In other cases indigene certificates are improperly issued by local officials acting out of a sense of solidarity with ethnic kinsmen who they know to be indigenes of some other place.  In Kaduna, for example, Hausa officials are often accused of knowingly issuing indigene certificates to Hausa people who immigrate from other states.  The attorney general of Kaduna State acknowledged that this problem was rampant in his state’s predominantly Hausa LGAs.  “Often they get away with it,” he said.  “Since they mix very easily by appearance it is hard to identify them.”64

The flip side to this problem is that in some cases local officials improperly deny indigene certificates to people with legitimate claims to indigene status because of their ethnicity or religion.  Some local government officials in the predominantly Muslim states in the north of Nigeria, for example, refuse to issue indigene certificates to Christian indigenes.  One Christian indigene of Katsina State told Human Rights Watch that when she applied for an indigene certificate in her local government of origin she was denied it because of her non-Muslim appearance.  When the officials saw her passport photograph, in which her head was uncovered, she said that they accused her of fraud, asking “Why is she not covering herself if she is an indigene?” She was eventually given the form only after submitting another application with a photo attached showing her with her head covered with a scarf. 

Theatres of Government-Sponsored Discrimination Against Non-Indigenes 

Public sector employment 

The public sector is one of Nigeria’s largest sources of employment opportunity.65 In an economy suffering from high levels of unemployment and chronic poverty, recruitment into the civil service or some other government institution is the only realistic hope many Nigerians have of socio-economic advancement.  Stable employment is also one of the few tangible benefits ordinary Nigerians can expect to receive from a government that has largely failed to provide for the needs of its citizens. 

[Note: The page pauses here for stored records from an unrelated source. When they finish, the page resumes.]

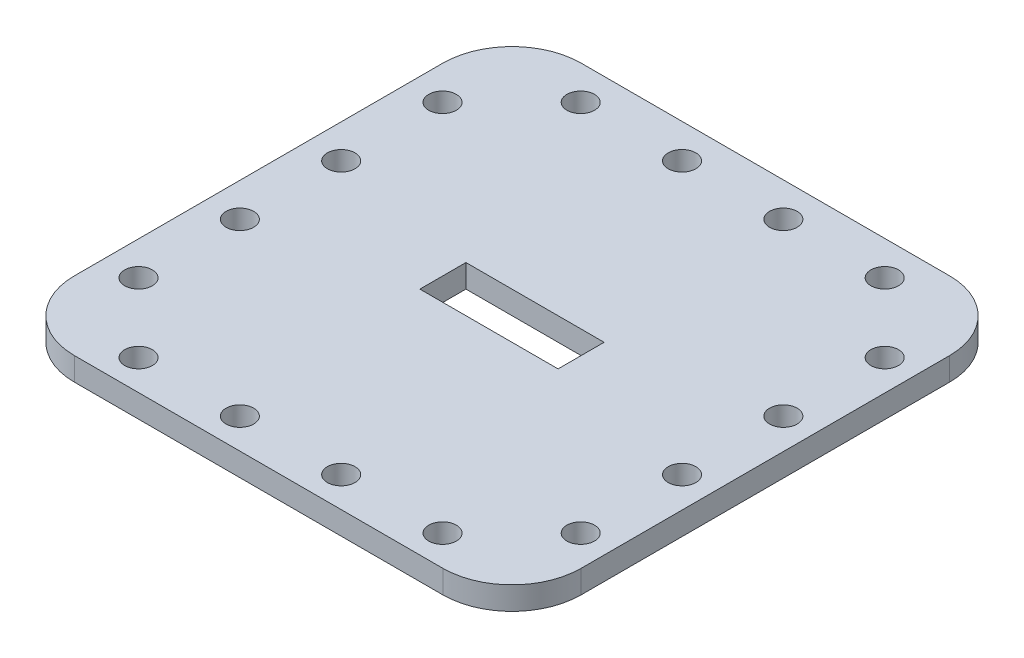
ISO-10303-21;
HEADER;
FILE_DESCRIPTION(('STEP AP214'),'2;1');
FILE_NAME('part.step','',(''),(''),'','','');
FILE_SCHEMA(('AUTOMOTIVE_DESIGN { 1 0 10303 214 1 1 1 1 }'));
ENDSEC;
DATA;
#1=APPLICATION_CONTEXT('core data for automotive mechanical design processes');
#2=APPLICATION_PROTOCOL_DEFINITION('international standard','automotive_design',2000,#1);
#3=PRODUCT_CONTEXT('',#1,'mechanical');
#4=PRODUCT('Part','Part','',(#3));
#5=PRODUCT_RELATED_PRODUCT_CATEGORY('part','',(#4));
#6=PRODUCT_DEFINITION_FORMATION('','',#4);
#7=PRODUCT_DEFINITION_CONTEXT('part definition',#1,'design');
#8=PRODUCT_DEFINITION('design','',#6,#7);
#9=PRODUCT_DEFINITION_SHAPE('','',#8);
#10=(LENGTH_UNIT() NAMED_UNIT(*) SI_UNIT(.MILLI.,.METRE.));
#11=(NAMED_UNIT(*) PLANE_ANGLE_UNIT() SI_UNIT($,.RADIAN.));
#12=(NAMED_UNIT(*) SI_UNIT($,.STERADIAN.) SOLID_ANGLE_UNIT());
#13=UNCERTAINTY_MEASURE_WITH_UNIT(LENGTH_MEASURE(1.E-05),#10,'distance_accuracy_value','');
#14=(GEOMETRIC_REPRESENTATION_CONTEXT(3) GLOBAL_UNCERTAINTY_ASSIGNED_CONTEXT((#13)) GLOBAL_UNIT_ASSIGNED_CONTEXT((#10,
#11,#12)) REPRESENTATION_CONTEXT('',''));
#15=CARTESIAN_POINT('',(0.,0.,0.));
#16=DIRECTION('',(0.,0.,1.));
#17=DIRECTION('',(1.,0.,0.));
#18=AXIS2_PLACEMENT_3D('',#15,#16,#17);
#19=CARTESIAN_POINT('',(40.,5.,55.));
#20=DIRECTION('',(0.,1.,0.));
#21=DIRECTION('',(0.,0.,1.));
#22=AXIS2_PLACEMENT_3D('',#19,#20,#21);
#23=PLANE('',#22);
#24=DIRECTION('',(0.,0.,-1.));
#25=VECTOR('',#24,1.);
#26=CARTESIAN_POINT('',(15.,5.,5.));
#27=LINE('',#26,#25);
#28=CARTESIAN_POINT('',(15.,5.,5.));
#29=VERTEX_POINT('',#28);
#30=CARTESIAN_POINT('',(15.,5.,-5.));
#31=VERTEX_POINT('',#30);
#32=EDGE_CURVE('E56',#29,#31,#27,.T.);
#33=ORIENTED_EDGE('',*,*,#32,.F.);
#34=DIRECTION('',(1.,0.,0.));
#35=VECTOR('',#34,1.);
#36=CARTESIAN_POINT('',(-15.,5.,5.));
#37=LINE('',#36,#35);
#38=CARTESIAN_POINT('',(-15.,5.,5.));
#39=VERTEX_POINT('',#38);
#40=EDGE_CURVE('E147',#39,#29,#37,.T.);
#41=ORIENTED_EDGE('',*,*,#40,.F.);
#42=DIRECTION('',(0.,0.,1.));
#43=VECTOR('',#42,1.);
#44=CARTESIAN_POINT('',(-15.,5.,5.));
#45=LINE('',#44,#43);
#46=CARTESIAN_POINT('',(-15.,5.,-5.));
#47=VERTEX_POINT('',#46);
#48=EDGE_CURVE('E132',#47,#39,#45,.T.);
#49=ORIENTED_EDGE('',*,*,#48,.F.);
#50=DIRECTION('',(-1.,0.,0.));
#51=VECTOR('',#50,1.);
#52=CARTESIAN_POINT('',(-15.,5.,-5.));
#53=LINE('',#52,#51);
#54=EDGE_CURVE('E141',#31,#47,#53,.T.);
#55=ORIENTED_EDGE('',*,*,#54,.F.);
#56=EDGE_LOOP('',(#33,#41,#49,#55));
#57=FACE_BOUND('',#56,.T.);
#58=CARTESIAN_POINT('',(48.3346963055934,5.,-10.5816296180082));
#59=DIRECTION('',(0.,-1.,0.));
#60=DIRECTION('',(0.,0.,-1.));
#61=AXIS2_PLACEMENT_3D('',#58,#59,#60);
#62=CIRCLE('',#61,3.00000000000002);
#63=CARTESIAN_POINT('',(48.3346963055934,5.,-13.5816296180082));
#64=VERTEX_POINT('',#63);
#65=EDGE_CURVE('E210',#64,#64,#62,.T.);
#66=ORIENTED_EDGE('',*,*,#65,.T.);
#67=EDGE_LOOP('',(#66));
#68=FACE_BOUND('',#67,.T.);
#69=CARTESIAN_POINT('',(-32.6653036944065,5.,-47.5816296180083));
#70=DIRECTION('',(0.,-1.,0.));
#71=DIRECTION('',(0.,0.,-1.));
#72=AXIS2_PLACEMENT_3D('',#69,#70,#71);
#73=CIRCLE('',#72,3.00000000000001);
#74=CARTESIAN_POINT('',(-32.6653036944065,5.,-50.5816296180083));
#75=VERTEX_POINT('',#74);
#76=EDGE_CURVE('E222',#75,#75,#73,.T.);
#77=ORIENTED_EDGE('',*,*,#76,.T.);
#78=EDGE_LOOP('',(#77));
#79=FACE_BOUND('',#78,.T.);
#80=CARTESIAN_POINT('',(-47.6653036944066,5.,-32.5816296180082));
#81=DIRECTION('',(0.,-1.,0.));
#82=DIRECTION('',(0.,0.,-1.));
#83=AXIS2_PLACEMENT_3D('',#80,#81,#82);
#84=CIRCLE('',#83,3.);
#85=CARTESIAN_POINT('',(-47.6653036944066,5.,-35.5816296180082));
#86=VERTEX_POINT('',#85);
#87=EDGE_CURVE('E225',#86,#86,#84,.T.);
#88=ORIENTED_EDGE('',*,*,#87,.T.);
#89=EDGE_LOOP('',(#88));
#90=FACE_BOUND('',#89,.T.);
#91=CARTESIAN_POINT('',(-47.6653036944066,5.,-10.5816296180082));
#92=DIRECTION('',(0.,-1.,0.));
#93=DIRECTION('',(0.,0.,-1.));
#94=AXIS2_PLACEMENT_3D('',#91,#92,#93);
#95=CIRCLE('',#94,3.00000000000003);
#96=CARTESIAN_POINT('',(-47.6653036944066,5.,-13.5816296180083));
#97=VERTEX_POINT('',#96);
#98=EDGE_CURVE('E228',#97,#97,#95,.T.);
#99=ORIENTED_EDGE('',*,*,#98,.T.);
#100=EDGE_LOOP('',(#99));
#101=FACE_BOUND('',#100,.T.);
#102=CARTESIAN_POINT('',(-47.6653036944066,5.,11.4183703819918));
#103=DIRECTION('',(0.,-1.,0.));
#104=DIRECTION('',(0.,0.,-1.));
#105=AXIS2_PLACEMENT_3D('',#102,#103,#104);
#106=CIRCLE('',#105,2.99999999999997);
#107=CARTESIAN_POINT('',(-47.6653036944066,5.,8.4183703819918));
#108=VERTEX_POINT('',#107);
#109=EDGE_CURVE('E231',#108,#108,#106,.T.);
#110=ORIENTED_EDGE('',*,*,#109,.T.);
#111=EDGE_LOOP('',(#110));
#112=FACE_BOUND('',#111,.T.);
#113=CARTESIAN_POINT('',(-10.6653036944066,5.,48.4183703819918));
#114=DIRECTION('',(0.,-1.,0.));
#115=DIRECTION('',(0.,0.,-1.));
#116=AXIS2_PLACEMENT_3D('',#113,#114,#115);
#117=CIRCLE('',#116,3.00000000000002);
#118=CARTESIAN_POINT('',(-10.6653036944066,5.,45.4183703819917));
#119=VERTEX_POINT('',#118);
#120=EDGE_CURVE('E234',#119,#119,#117,.T.);
#121=ORIENTED_EDGE('',*,*,#120,.T.);
#122=EDGE_LOOP('',(#121));
#123=FACE_BOUND('',#122,.T.);
#124=CARTESIAN_POINT('',(11.3346963055934,5.,48.4183703819918));
#125=DIRECTION('',(0.,-1.,0.));
#126=DIRECTION('',(0.,0.,-1.));
#127=AXIS2_PLACEMENT_3D('',#124,#125,#126);
#128=CIRCLE('',#127,2.99999999999997);
#129=CARTESIAN_POINT('',(11.3346963055934,5.,45.4183703819918));
#130=VERTEX_POINT('',#129);
#131=EDGE_CURVE('E237',#130,#130,#128,.T.);
#132=ORIENTED_EDGE('',*,*,#131,.T.);
#133=EDGE_LOOP('',(#132));
#134=FACE_BOUND('',#133,.T.);
#135=CARTESIAN_POINT('',(33.3346963055934,5.,48.4183703819918));
#136=DIRECTION('',(0.,-1.,0.));
#137=DIRECTION('',(0.,0.,-1.));
#138=AXIS2_PLACEMENT_3D('',#135,#136,#137);
#139=CIRCLE('',#138,3.00000000000001);
#140=CARTESIAN_POINT('',(33.3346963055934,5.,45.4183703819917));
#141=VERTEX_POINT('',#140);
#142=EDGE_CURVE('E240',#141,#141,#139,.T.);
#143=ORIENTED_EDGE('',*,*,#142,.T.);
#144=EDGE_LOOP('',(#143));
#145=FACE_BOUND('',#144,.T.);
#146=CARTESIAN_POINT('',(48.3346963055934,5.,11.4183703819918));
#147=DIRECTION('',(0.,-1.,0.));
#148=DIRECTION('',(0.,0.,-1.));
#149=AXIS2_PLACEMENT_3D('',#146,#147,#148);
#150=CIRCLE('',#149,2.99999999999997);
#151=CARTESIAN_POINT('',(48.3346963055934,5.,8.4183703819918));
#152=VERTEX_POINT('',#151);
#153=EDGE_CURVE('E243',#152,#152,#150,.T.);
#154=ORIENTED_EDGE('',*,*,#153,.T.);
#155=EDGE_LOOP('',(#154));
#156=FACE_BOUND('',#155,.T.);
#157=CARTESIAN_POINT('',(48.3346963055935,5.,-32.5816296180082));
#158=DIRECTION('',(0.,-1.,0.));
#159=DIRECTION('',(0.,0.,-1.));
#160=AXIS2_PLACEMENT_3D('',#157,#158,#159);
#161=CIRCLE('',#160,3.00000000000001);
#162=CARTESIAN_POINT('',(48.3346963055935,5.,-35.5816296180082));
#163=VERTEX_POINT('',#162);
#164=EDGE_CURVE('E246',#163,#163,#161,.T.);
#165=ORIENTED_EDGE('',*,*,#164,.T.);
#166=EDGE_LOOP('',(#165));
#167=FACE_BOUND('',#166,.T.);
#168=CARTESIAN_POINT('',(33.3346963055935,5.,-47.5816296180082));
#169=DIRECTION('',(0.,-1.,0.));
#170=DIRECTION('',(0.,0.,-1.));
#171=AXIS2_PLACEMENT_3D('',#168,#169,#170);
#172=CIRCLE('',#171,2.99999999999997);
#173=CARTESIAN_POINT('',(33.3346963055935,5.,-50.5816296180082));
#174=VERTEX_POINT('',#173);
#175=EDGE_CURVE('E249',#174,#174,#172,.T.);
#176=ORIENTED_EDGE('',*,*,#175,.T.);
#177=EDGE_LOOP('',(#176));
#178=FACE_BOUND('',#177,.T.);
#179=CARTESIAN_POINT('',(11.3346963055935,5.,-47.5816296180082));
#180=DIRECTION('',(0.,-1.,0.));
#181=DIRECTION('',(0.,0.,-1.));
#182=AXIS2_PLACEMENT_3D('',#179,#180,#181);
#183=CIRCLE('',#182,2.99999999999997);
#184=CARTESIAN_POINT('',(11.3346963055935,5.,-50.5816296180082));
#185=VERTEX_POINT('',#184);
#186=EDGE_CURVE('E252',#185,#185,#183,.T.);
#187=ORIENTED_EDGE('',*,*,#186,.T.);
#188=EDGE_LOOP('',(#187));
#189=FACE_BOUND('',#188,.T.);
#190=CARTESIAN_POINT('',(-10.6653036944065,5.,-47.5816296180082));
#191=DIRECTION('',(0.,-1.,0.));
#192=DIRECTION('',(0.,0.,-1.));
#193=AXIS2_PLACEMENT_3D('',#190,#191,#192);
#194=CIRCLE('',#193,3.00000000000002);
#195=CARTESIAN_POINT('',(-10.6653036944065,5.,-50.5816296180083));
#196=VERTEX_POINT('',#195);
#197=EDGE_CURVE('E255',#196,#196,#194,.T.);
#198=ORIENTED_EDGE('',*,*,#197,.T.);
#199=EDGE_LOOP('',(#198));
#200=FACE_BOUND('',#199,.T.);
#201=CARTESIAN_POINT('',(-47.6653036944065,5.,33.4183703819918));
#202=DIRECTION('',(0.,-1.,0.));
#203=DIRECTION('',(0.,0.,-1.));
#204=AXIS2_PLACEMENT_3D('',#201,#202,#203);
#205=CIRCLE('',#204,3.);
#206=CARTESIAN_POINT('',(-47.6653036944065,5.,30.4183703819918));
#207=VERTEX_POINT('',#206);
#208=EDGE_CURVE('E258',#207,#207,#205,.T.);
#209=ORIENTED_EDGE('',*,*,#208,.T.);
#210=EDGE_LOOP('',(#209));
#211=FACE_BOUND('',#210,.T.);
#212=CARTESIAN_POINT('',(-32.6653036944065,5.,48.4183703819918));
#213=DIRECTION('',(0.,-1.,0.));
#214=DIRECTION('',(0.,0.,-1.));
#215=AXIS2_PLACEMENT_3D('',#212,#213,#214);
#216=CIRCLE('',#215,3.00000000000001);
#217=CARTESIAN_POINT('',(-32.6653036944065,5.,45.4183703819918));
#218=VERTEX_POINT('',#217);
#219=EDGE_CURVE('E261',#218,#218,#216,.T.);
#220=ORIENTED_EDGE('',*,*,#219,.T.);
#221=EDGE_LOOP('',(#220));
#222=FACE_BOUND('',#221,.T.);
#223=CARTESIAN_POINT('',(48.3346963055934,5.,33.4183703819918));
#224=DIRECTION('',(0.,-1.,0.));
#225=DIRECTION('',(0.,0.,-1.));
#226=AXIS2_PLACEMENT_3D('',#223,#224,#225);
#227=CIRCLE('',#226,3.00000000000001);
#228=CARTESIAN_POINT('',(48.3346963055934,5.,30.4183703819918));
#229=VERTEX_POINT('',#228);
#230=EDGE_CURVE('E264',#229,#229,#227,.T.);
#231=ORIENTED_EDGE('',*,*,#230,.T.);
#232=EDGE_LOOP('',(#231));
#233=FACE_BOUND('',#232,.T.);
#234=DIRECTION('',(1.,0.,0.));
#235=VECTOR('',#234,1.);
#236=CARTESIAN_POINT('',(-55.,5.,55.));
#237=LINE('',#236,#235);
#238=CARTESIAN_POINT('',(-40.,5.,55.));
#239=VERTEX_POINT('',#238);
#240=CARTESIAN_POINT('',(40.,5.,55.));
#241=VERTEX_POINT('',#240);
#242=EDGE_CURVE('E197',#239,#241,#237,.T.);
#243=ORIENTED_EDGE('',*,*,#242,.T.);
#244=CARTESIAN_POINT('',(40.,5.,40.));
#245=DIRECTION('',(0.,-1.,0.));
#246=DIRECTION('',(0.,0.,-1.));
#247=AXIS2_PLACEMENT_3D('',#244,#245,#246);
#248=CIRCLE('',#247,15.);
#249=CARTESIAN_POINT('',(55.,5.,40.));
#250=VERTEX_POINT('',#249);
#251=EDGE_CURVE('E154',#241,#250,#248,.F.);
#252=ORIENTED_EDGE('',*,*,#251,.T.);
#253=DIRECTION('',(0.,0.,-1.));
#254=VECTOR('',#253,1.);
#255=CARTESIAN_POINT('',(55.,5.,55.));
#256=LINE('',#255,#254);
#257=CARTESIAN_POINT('',(55.,5.,-40.));
#258=VERTEX_POINT('',#257);
#259=EDGE_CURVE('E202',#250,#258,#256,.T.);
#260=ORIENTED_EDGE('',*,*,#259,.T.);
#261=CARTESIAN_POINT('',(40.,5.,-40.));
#262=DIRECTION('',(0.,-1.,0.));
#263=DIRECTION('',(0.,0.,-1.));
#264=AXIS2_PLACEMENT_3D('',#261,#262,#263);
#265=CIRCLE('',#264,15.);
#266=CARTESIAN_POINT('',(40.,5.,-55.));
#267=VERTEX_POINT('',#266);
#268=EDGE_CURVE('E186',#258,#267,#265,.F.);
#269=ORIENTED_EDGE('',*,*,#268,.T.);
#270=DIRECTION('',(-1.,0.,0.));
#271=VECTOR('',#270,1.);
#272=CARTESIAN_POINT('',(-55.,5.,-55.));
#273=LINE('',#272,#271);
#274=CARTESIAN_POINT('',(-40.,5.,-55.));
#275=VERTEX_POINT('',#274);
#276=EDGE_CURVE('E216',#267,#275,#273,.T.);
#277=ORIENTED_EDGE('',*,*,#276,.T.);
#278=CARTESIAN_POINT('',(-40.,5.,-40.));
#279=DIRECTION('',(0.,-1.,0.));
#280=DIRECTION('',(0.,0.,-1.));
#281=AXIS2_PLACEMENT_3D('',#278,#279,#280);
#282=CIRCLE('',#281,15.);
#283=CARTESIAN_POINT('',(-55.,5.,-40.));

Increasingly, however, non-indigenes find themselves denied the right even to compete for government jobs and are unable to obtain equal terms of service with indigenes when they do manage to obtain public sector employment. Many Nigerian state governments have implemented policies that deny non-indigenes the right to compete for most civil service positions, while also eliminating non-indigenes’ right to retirement pensions and the right to contest seemingly unfair layoffs if they are hired.  This discrimination is also reflected in state policies that prevent non-indigenes from competing for some positions at the federal level as well.

In Kaduna, Kano and Plateau States, government policy is not to hire non-indigenes into the state civil service unless there are no qualified indigene applicants for a position.  Even then, non-indigenes are employed on a “contract” rather than a “permanent and pensionable” basis.  Contract employees are ineligible for government pensions and can be fired at will should the civil service decide to replace them with indigene job seekers.  In interviews with Human Rights Watch, high-ranking state government officials, including spokespeople for the governors of Plateau and Kano States and the attorney general of Kaduna State, said quite candidly that the policy of their administrations was not to hire non-indigenes into the state public service unless there were no indigenes qualified to fill certain positions.66   The Kaduna State attorney general, for example, described the idea of allowing non-indigenes to compete for civil service positions as “unnecessary and totally unacceptable” except in “specialized fields that may require skills that we [Kaduna state indigenes] do not have.”67

However, in all three states discriminatory hiring policies are not mandated by state law or even by the hiring guidelines published by the states’ civil service commissions.68 Nonetheless such discrimination has become an accepted norm perpetuated by local, state and to a lesser extent federal government officials.  One civil servant who had until recently worked for the Kaduna State civil service commission told Human Rights Watch:

The state Civil Service Commission does deny permanent and pensionable appointments to non-indigenes… There is no written policy to that effect; it is very informal.  But everyone is made to understand that—it’s an open thing, people will tell us openly that we are not to employ non-indigenes.69

Other civil servants directly involved with hiring and promotion decisions refused to discuss the details of their states’ hiring practices with Human Rights Watch, except to say that there was no publicly available law or written policy that required them to discriminate against non-indigenes.   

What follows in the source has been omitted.